La confesión

Por: José I. Delgado Bahena

Ayer, al salir de mi trabajo, en los talleres del periódico, reflexioné en que se acercaba mi aniversario de bodas y pensé que sería un bonito detalle halagar a Celia, mi mujer, con un arreglo floral cada día hasta llegar al sábado, veintidós, cuando cumpliríamos cinco años de casados.

Así que, aún cuando tenía un buen de cansancio y mucho sueño, porque habíamos parado las máquinas a las cinco de la mañana, hasta que estuvo el tiraje completo de los ejemplares que en el periódico hacemos, me despedí de los jefes y me fui derechito al mercado de las flores a comprar un bonito arreglo para Celia.

Al llegar, estando ella a punto de salir con nuestro hijo Arturo, para llevarlo al jardín de niños, se emocionó y me abrazó. Le expliqué el motivo, ya que no acostumbro a hacerlo con frecuencia (o más bien: nunca) y ella propuso que cada día, hasta llegar al sábado, haría comidas especiales e invitaría a nuestros compadres: Daniel y Lulú, para que nos acompañaran el mero día, a comer.

Le agradecí su propuesta, ella me dio un beso y salió con nuestro hijo. De inmediato entré a la habitación y me tiré sobre la cama para reponerme del desvelo y el cansancio.

Cuando desperté serían como las dos de la tarde. Celia estaba en la sala viendo la tele.

“¿Y el niño?”, le pregunté al no ver a mi pequeño.

“Lo dejé en la casa de los compadres porque quiero hablar contigo”, me respondió con las manos enlazadas y viendo al piso.

“¿Qué tienes?”, le dije al ver el estado deprimente en que se encontraba.

No contestó. En un movimiento rápido, apagó la tele con el control, se levantó, fue por las flores que le había dado en la mañana y las colocó sobre la mesita de la sala.

“Siéntate, por favor, tengo que decirte algo”, me pidió al verme de pie y con actitud de perplejidad por no saber qué estaba pasando.
“¿Pero estás bien?”, le insistí al sentarme a su lado.

“Sí.
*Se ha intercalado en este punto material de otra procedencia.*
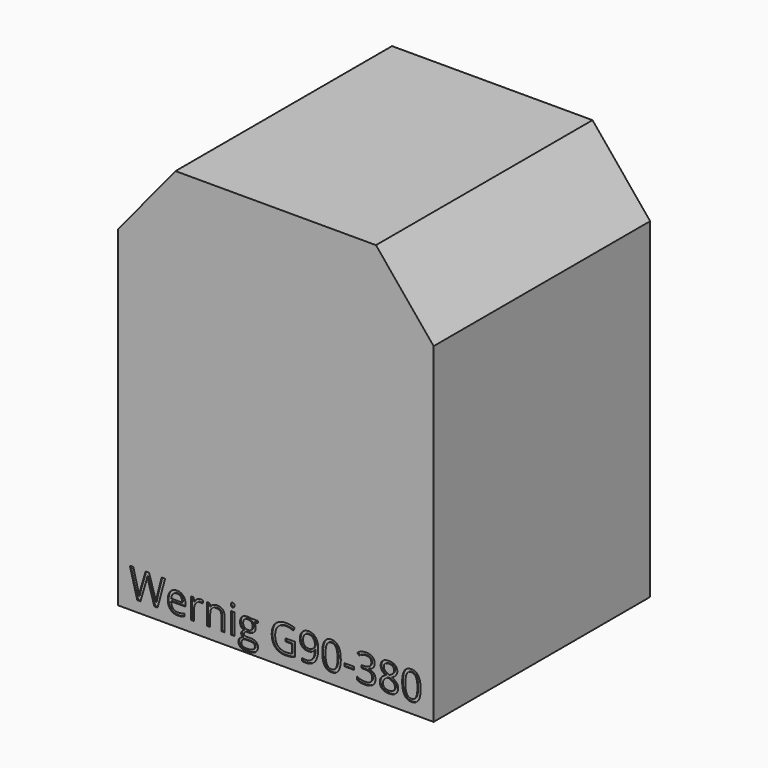
from build123d import *

# Parameters (mm, degrees)
F1_DEPTH     = 540
F2_TEXT_SIZE = 78.2593877779
F3_DEPTH     = 2


# Not quite as in the source:
# - Text() gives the source's letters only with a copy of the font that has no kerning and outlines rounded to 1/6400 em; it was checked with that copy


with BuildPart() as f1:
    # F0 (on Front) → F1 (new body)
    with BuildSketch(Plane.XZ):
        Polygon((0, 660), (0, 0), (315, 0), (630, 0), (630, 660), (515, 800), (315, 800), (115, 800), align=None)
    extrude(amount=F1_DEPTH)

    # F2 (on face) → F3 (cut)
    with BuildSketch(Plane.XZ.offset(540)):
        with Locations((22.8836648166, 21.5803310275)):
            Text('Wernig G90-380', F2_TEXT_SIZE, font='Open Sans', text_align=(TextAlign.LEFT, TextAlign.BOTTOM))
    extrude(amount=-F3_DEPTH, mode=Mode.SUBTRACT)


solid = f1.part
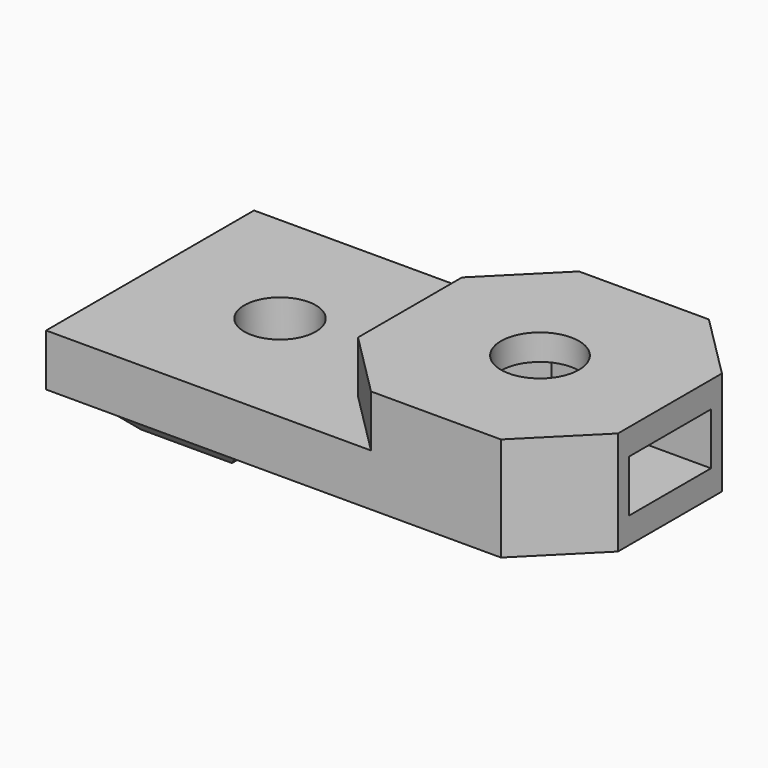
from build123d import *

# Parameters (mm, degrees)
F0_W      = 40
F0_H      = 20
F1_DEPTH  = 4
F2_W      = 20
F2_H      = 20
F3_DEPTH  = 4
F4_W      = 9
F4_H      = 20
F5_DEPTH  = 1
F6_SIZE   = 0.99999
F7_R      = 2.75
F8_DEPTH  = 5.001
F9_SIZE   = 5
F10_R     = 3
F11_DEPTH = 9.001
F13_DEPTH = 2


# Not quite as in the source:
# - a fillet or chamfer is up to 0.001 mm smaller than in the source, because OpenCascade refuses the exact size


with BuildPart() as f1:
    # F0 (on Top) → F1 (new body)
    with BuildSketch(Plane.XY):
        with Locations((20, 10)):
            Rectangle(F0_W, F0_H)
    extrude(amount=F1_DEPTH)

    # F2 (on face) → F3 (join)
    with BuildSketch(Plane.XY.offset(4)):
        with Locations((30, 10)):
            Rectangle(F2_W, F2_H)
    extrude(amount=F3_DEPTH)

    # F4 (on face) → F5 (join)
    with BuildSketch(Plane(origin=(0, 0, 0), x_dir=(1, 0, 0), z_dir=(0, 0, -1))):
        with Locations((10, -10)):
            Rectangle(F4_W, F4_H)
    extrude(amount=F5_DEPTH)

    # F6 (size 1 in the source; OpenCascade refuses exactly that, so slightly less here)
    f6_edges = [f1.edges().sort_by_distance(p)[0] for p in [
        (10, 0, -1),
        (5.5, 10, -1),
        (10, 20, -1),
        (14.5, 10, -1),
    ]]
    chamfer(f6_edges, length=F6_SIZE)

    # F7 (on face) → F8 (cut, through all)
    with BuildSketch(Plane.XY.offset(4)):
        with Locations((10, 10)):
            Circle(F7_R)
    extrude(amount=-F8_DEPTH, mode=Mode.SUBTRACT)

    # F9
    f9_edges = [f1.edges().sort_by_distance(p)[0] for p in [
        (40, 0, 4),
        (40, 20, 4),
        (20, 0, 6),
        (20, 20, 6),
    ]]
    chamfer(f9_edges, length=F9_SIZE)

    # F10 (on face) → F11 (cut, through all)
    with BuildSketch(Plane.XY.offset(8)):
        with Locations((30, 10)):
            Circle(F10_R)
    extrude(amount=-F11_DEPTH, mode=Mode.SUBTRACT)

    # F12 (on face) → F13 (cut, symmetric)
    with BuildSketch(Plane.XY.offset(4)):
        Polygon((25.4389328734, 10), (27.7194664367, 6.05), (40, 6.05), (40, 13.95), (27.7194664367, 13.95), align=None)
    extrude(amount=F13_DEPTH, both=True, mode=Mode.SUBTRACT)


solid = f1.part
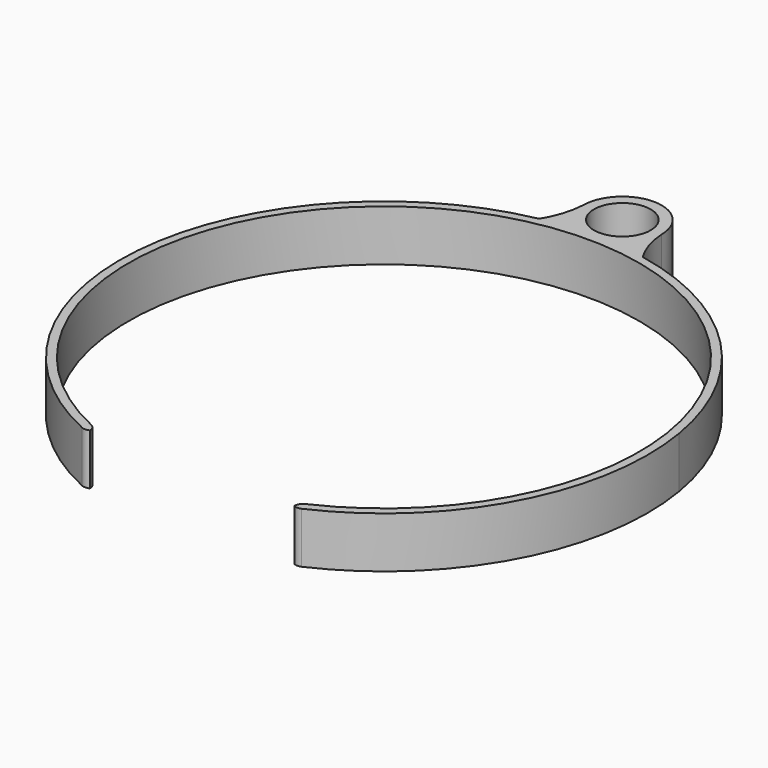
from build123d import *

# Parameters (mm, degrees)
F0_R         = 46.5
F0_R_2       = 45
F1_DEPTH     = 9
F3_DEPTH     = 25
F5_DEPTH     = 25
F7_DEPTH     = 9
F9_DEPTH     = 9
F11_DEPTH    = 9
F13_DEPTH    = 25
F15_DEPTH    = 25
F16_R        = 45
F17_DEPTH    = 9
F18_R        = 45
F19_DEPTH    = 25
F21_DEPTH    = 25
F22_R        = 1.55
F23_T1_DEPTH = 16.2900218994
F24_T1_DEPTH = 16.2900218994


# Not quite as in the source:
# - a fillet or chamfer that OpenCascade refuses, or shapes differently, is made with other operations: its cross-section is extruded or revolved along the edge and cut away or added


with BuildPart() as f1:
    # F0 (on Top) → F1 (new body)
    with BuildSketch(Plane.XY):
        Circle(F0_R)
        Circle(F0_R_2, mode=Mode.SUBTRACT)
    extrude(amount=F1_DEPTH)

    # F2 (on face) → F3 (cut)
    with BuildSketch(Plane.XY.offset(9)):
        Polygon((64.8135244846, -21.5104352683), (0, -21.5104352683), (-51.5724048018, -21.5104352683), (-51.5724048018, -59.9158406258), (64.033716917, -57.7713772655), align=None)
    extrude(amount=-F3_DEPTH, mode=Mode.SUBTRACT)

    # F4 (on face) → F5 (cut)
    with BuildSketch(Plane.XY.offset(9)):
        with BuildLine():
            ThreePointArc((-40.5525222975, -19.506228116), (-40.9032938672, -20.5072072896), (-41.9042730407, -20.1564357199))
            Line((-41.9042730407, -20.1564357199), (-43.4346050024, -22.7221362293))
            Line((-43.4346050024, -22.7221362293), (-36.3525599241, -23.4547629952))
            Line((-36.3525599241, -23.4547629952), (-40.5525222975, -19.506228116))
        make_face()
        with BuildLine():
            Line((43.4346050024, -22.7221362293), (41.9042730407, -20.1564357199))
            ThreePointArc((41.9042730407, -20.1564357199), (40.9032938672, -20.5072072896), (40.5525222975, -19.506228116))
            Line((40.5525222975, -19.506228116), (36.3525599241, -23.4547629952))
            Line((36.3525599241, -23.4547629952), (43.4346050024, -22.7221362293))
        make_face()
    extrude(amount=-F5_DEPTH, mode=Mode.SUBTRACT)

    # F6 (on face) → F7 (join)
    with BuildSketch(Plane.XY.offset(9)):
        with BuildLine():
            ThreePointArc((6.9320949163, 52.5), (-4.9017313232, 57.4017313232), (0, 45.5679050837))
            ThreePointArc((0, 45.5679050837), (4.9017313232, 47.5982686768), (6.9320949163, 52.5))
        make_face()
        with BuildLine():
            ThreePointArc((5, 52.5), (3.5355339059, 48.9644660941), (0, 47.5))
            ThreePointArc((0, 47.5), (-3.5355339059, 56.0355339059), (5, 52.5))
        make_face(mode=Mode.SUBTRACT)
    extrude(amount=-F7_DEPTH)

    # F8 (on face) → F9 (join)
    with BuildSketch(Plane.XY.offset(9)):
        with BuildLine():
            ThreePointArc((-6.9320949163, 52.5), (-7.6007884485, 48.9142518774), (-9.1181185374, 45.5972577502))
            ThreePointArc((-9.1181185374, 45.5972577502), (0, 45.60976302), (9.1181185374, 45.5972577502))
            ThreePointArc((9.1181185374, 45.5972577502), (7.6007884485, 48.9142518774), (6.9320949163, 52.5))
            ThreePointArc((6.9320949163, 52.5), (0, 47.0015761941), (-6.9320949163, 52.5))
        make_face()
    extrude(amount=-F9_DEPTH)

    # F10 (on face) → F11 (join)
    with BuildSketch(Plane.XY.offset(9)):
        with BuildLine():
            Line((-44.8310511788, 3.895747708), (-46.3451584316, 3.7916078319))
            ThreePointArc((-46.3451584316, 3.7916078319), (-42.7926175487, -9.5215818837), (-33.8443815708, -19.9996847659))
            ThreePointArc((-33.8443815708, -19.9996847659), (-32.8631083129, -20.2138563114), (-32.1503467858, -19.506228116))
            ThreePointArc((-32.1503467858, -19.506228116), (-41.2777702931, -9.315455738), (-44.8310511788, 3.895747708))
        make_face()
        with BuildLine():
            ThreePointArc((33.8443815708, -19.9996847659), (42.7926175487, -9.5215818837), (46.3451584316, 3.7916078319))
            Line((46.3451584316, 3.7916078319), (44.8310511788, 3.895747708))
            ThreePointArc((44.8310511788, 3.895747708), (41.2777702931, -9.315455738), (32.1503467858, -19.506228116))
            ThreePointArc((32.1503467858, -19.506228116), (32.8631083129, -20.2138563114), (33.8443815708, -19.9996847659))
        make_face()
    extrude(amount=-F11_DEPTH)

    # F12 (on face) → F13 (cut)
    with BuildSketch(Plane.XY.offset(9)):
        with BuildLine():
            ThreePointArc((-44.7172397739, -5.0367119241), (-45.830770977, -0.896267065), (-46.3787269492, 3.35614162))
            Line((-46.3787269492, 3.35614162), (-53.9689548314, -20.3920416534))
            Line((-53.9689548314, -20.3920416534), (-39.6306179464, -26.7084874213))
            Line((-39.6306179464, -26.7084874213), (-35.9670780599, -21.9711512327))
            Line((-35.9670780599, -21.9711512327), (-43.2941578329, -10.1593965665))
            Line((-43.2941578329, -10.1593965665), (-44.7172397739, -5.0367119241))
        make_face()
        with BuildLine():
            Line((53.9689548314, -20.3920416534), (46.3787269492, 3.35614162))
            ThreePointArc((46.3787269492, 3.35614162), (45.830770977, -0.896267065), (44.7172397739, -5.0367119241))
            Line((44.7172397739, -5.0367119241), (43.2941578329, -10.1593965665))
            Line((43.2941578329, -10.1593965665), (35.9670780599, -21.9711512327))
            Line((35.9670780599, -21.9711512327), (39.6306179464, -26.7084874213))
            Line((39.6306179464, -26.7084874213), (53.9689548314, -20.3920416534))
        make_face()
    extrude(amount=-F13_DEPTH, mode=Mode.SUBTRACT)

    # F14 (on face) → F15 (cut)
    with BuildSketch(Plane.XY.offset(9)):
        with BuildLine():
            ThreePointArc((-45.7581778434, -1.2523031469), (-46.1397679432, 3.2286956321), (-45.8552008738, 7.7169004675))
            ThreePointArc((-45.8552008738, 7.7169004675), (-48.5264373147, 3.20287819), (-45.7581778434, -1.2523031469))
        make_face()
        with BuildLine():
            ThreePointArc((45.7581778434, -1.2523031469), (48.5264373147, 3.20287819), (45.8552008738, 7.7169004675))
            ThreePointArc((45.8552008738, 7.7169004675), (46.1397679432, 3.2286956321), (45.7581778434, -1.2523031469))
        make_face()
    extrude(amount=-F15_DEPTH, mode=Mode.SUBTRACT)

    # F16 (on face) → F17 (join)
    with BuildSketch(Plane.XY.offset(9)):
        with BuildLine():
            ThreePointArc((-9.1181185374, 45.5972577502), (0, -46.5), (9.1181185374, 45.5972577502))
            ThreePointArc((9.1181185374, 45.5972577502), (0, 46.5), (-9.1181185374, 45.5972577502))
        make_face()
        Circle(F16_R, mode=Mode.SUBTRACT)
    extrude(amount=-F17_DEPTH)

    # F18 (on face) → F19 (cut)
    with BuildSketch(Plane.XY.offset(9)):
        Circle(F18_R)
    extrude(amount=-F19_DEPTH, mode=Mode.SUBTRACT)

    # F20 (on face) → F21 (cut)
    with BuildSketch(Plane.XY.offset(9)):
        Polygon((18, 0), (0, 0), (-18, 0), (-18, -69.9843019247), (18, -69.3941116333), align=None)
    extrude(amount=-F21_DEPTH, mode=Mode.SUBTRACT)

    # F22
    f22_edges = [f1.edges().sort_by_distance(p)[0] for p in [
        (-18, -41.243181, 4.5),
        (18, -41.243181, 4.5),
    ]]
    fillet(f22_edges, radius=F22_R)

    # F23: fillet of radius 1.5 on 1 edges, made by hand

    # F23_s2 → F23_t1 (cut)
    with BuildSketch(Plane.XY.offset(-3.6450109497)):
        with BuildLine():
            ThreePointArc((18, -42.2457098414), (18.6625262969, -42.4244445619), (19.3353236307, -42.2894225557))
            ThreePointArc((19.3353236307, -42.2894225557), (18.6699563348, -42.5873541143), (18, -42.8748177839))
            Line((18, -42.8748177839), (18, -42.2457098414))
        make_face()
    extrude(amount=F23_T1_DEPTH, mode=Mode.SUBTRACT)

    # F24: fillet of radius 1.5 on 1 edges, made by hand

    # F24_s2 → F24_t1 (cut)
    with BuildSketch(Plane.XY.offset(-3.6450109497)):
        with BuildLine():
            ThreePointArc((-18, -42.2457098414), (-18.6625262969, -42.4244445619), (-19.3353236307, -42.2894225557))
            ThreePointArc((-19.3353236307, -42.2894225557), (-18.6699563348, -42.5873541143), (-18, -42.8748177839))
            Line((-18, -42.8748177839), (-18, -42.2457098414))
        make_face()
    extrude(amount=F24_T1_DEPTH, mode=Mode.SUBTRACT)


solid = f1.part
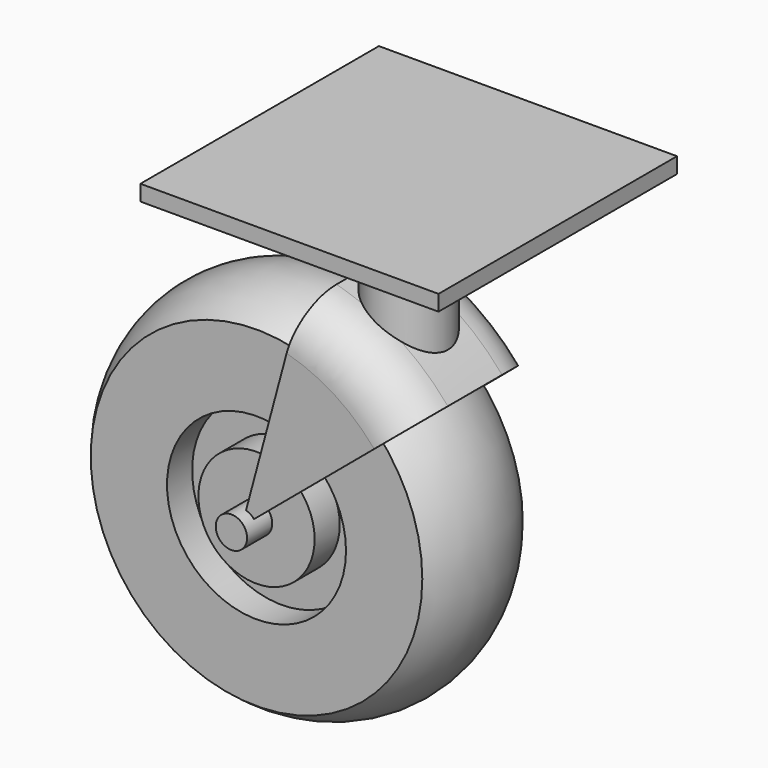
from build123d import *

# Parameters (mm, degrees)
F3_ANGLE_START = 40
F3_ANGLE       = 35
F6_R           = 7.9375
F5_W           = 60.325
F5_H           = 60.325
F8_DEPTH       = 3.175


with BuildPart() as f1:
    # F0 (on Top) → F1 (revolve)
    with BuildSketch(Plane.XY):
        with BuildLine():
            Line((3.175, -19.05), (3.175, -12.7))
            Line((3.175, -12.7), (11.7603466757, -12.7))
            Line((11.7603466757, -12.7), (11.7603466757, -6.35))
            Line((11.7603466757, -6.35), (18.1103466757, -6.35))
            Line((18.1103466757, -6.35), (18.1103466757, -12.7))
            Line((18.1103466757, -12.7), (33.5471935048, -12.7))
            ThreePointArc((33.5471935048, -12.7), (38.1, 0), (33.5471935048, 12.7))
            Line((33.5471935048, 12.7), (18.1103466757, 12.7))
            Line((18.1103466757, 12.7), (18.1103466757, 6.35))
            Line((18.1103466757, 6.35), (11.7603466757, 6.35))
            Line((11.7603466757, 6.35), (11.7603466757, 12.7))
            Line((11.7603466757, 12.7), (3.175, 12.7))
            Line((3.175, 12.7), (3.175, 19.05))
            Line((3.175, 19.05), (0, 19.05))
            Line((0, 19.05), (0, -19.05))
            Line((0, -19.05), (3.175, -19.05))
        make_face()
    revolve(axis=Axis((0, 0, 0), (0, -1, 0)))

    # F2 (on Top) → F3 (revolve)
    with BuildSketch(Plane.XY, mode=Mode.PRIVATE) as f3_sk:
        with BuildLine():
            Line((0, 16.383), (0, 13.208))
            Line((0, 13.208), (34.925, 13.208))
            ThreePointArc((34.925, 13.208), (39.4151280605, 11.3481280605), (41.275, 6.858))
            Line((41.275, 6.858), (41.275, 0))
            Line((41.275, 0), (41.275, -6.858))
            ThreePointArc((41.275, -6.858), (39.4151280605, -11.3481280605), (34.925, -13.208))
            Line((34.925, -13.208), (0, -13.208))
            Line((0, -13.208), (0, -16.383))
            Line((0, -16.383), (34.925, -16.383))
            ThreePointArc((34.925, -16.383), (41.6601920908, -13.5931920908), (44.45, -6.858))
            Line((44.45, -6.858), (44.45, 0))
            Line((44.45, 0), (44.45, 6.858))
            ThreePointArc((44.45, 6.858), (41.6601920908, 13.5931920908), (34.925, 16.383))
            Line((34.925, 16.383), (0, 16.383))
        make_face()
    revolve(f3_sk.sketch.rotate(Axis((0, 23.489471525, 0), (0, -1, 0)), F3_ANGLE_START), axis=Axis((0, 23.489471525, 0), (0, -1, 0)), revolution_arc=F3_ANGLE)

    # F6 (on offset) → F7 (join, up to the next surface of F1)
    with BuildSketch(Plane.XY.offset(63.5)):
        with Locations((20.6375, 0)):
            Circle(F6_R)
    extrude(until=Until.NEXT, dir=(0, 0, -1))

    # F5 (on offset) → F8 (join)
    with BuildSketch(Plane.XY.offset(63.5)):
        with Locations((20.6375, 0)):
            Rectangle(F5_W, F5_H)
    extrude(amount=-F8_DEPTH)


solid = f1.part

Solo que tengo que contarte algo”, respondió tomando una de mis manos entre las suyas temblorosas. Y comenzó a hablar, a echarme el rollo, mientras algunas lágrimas rodaban por sus mejillas.

“Mira: yo te quiero mucho…”, me dijo, “…y este detalle de las flores lo agradezco bastante, pero creo que no lo merezco. Por favor, no me interrumpas, déjame hablar y después me juzgas.” Hizo una pausa para soltar mi mano y cortar una rosa del ramo que le regalé. Como jugando con ella entre sus manos, continuó:

“¿Recuerdas la noche en que celebramos nuestro primer aniversario con Daniel y Lulú, que antes solo eran nuestros amigos? Bueno, pues en esa ocasión, tú debes recordar, nos emborrachamos y comenzamos a jugar a la botella, los cuatro, aquí: en la casa. Lo que comenzó como juego terminó en algo serio: tú te emborrachaste de más y te quedaste dormido en el sofá. Daniel y Lulú se fueron porque ella también ya estaba muy mareada; él se la llevó de “aguilita” a su coche y yo me dispuse a levantar algunas cosas.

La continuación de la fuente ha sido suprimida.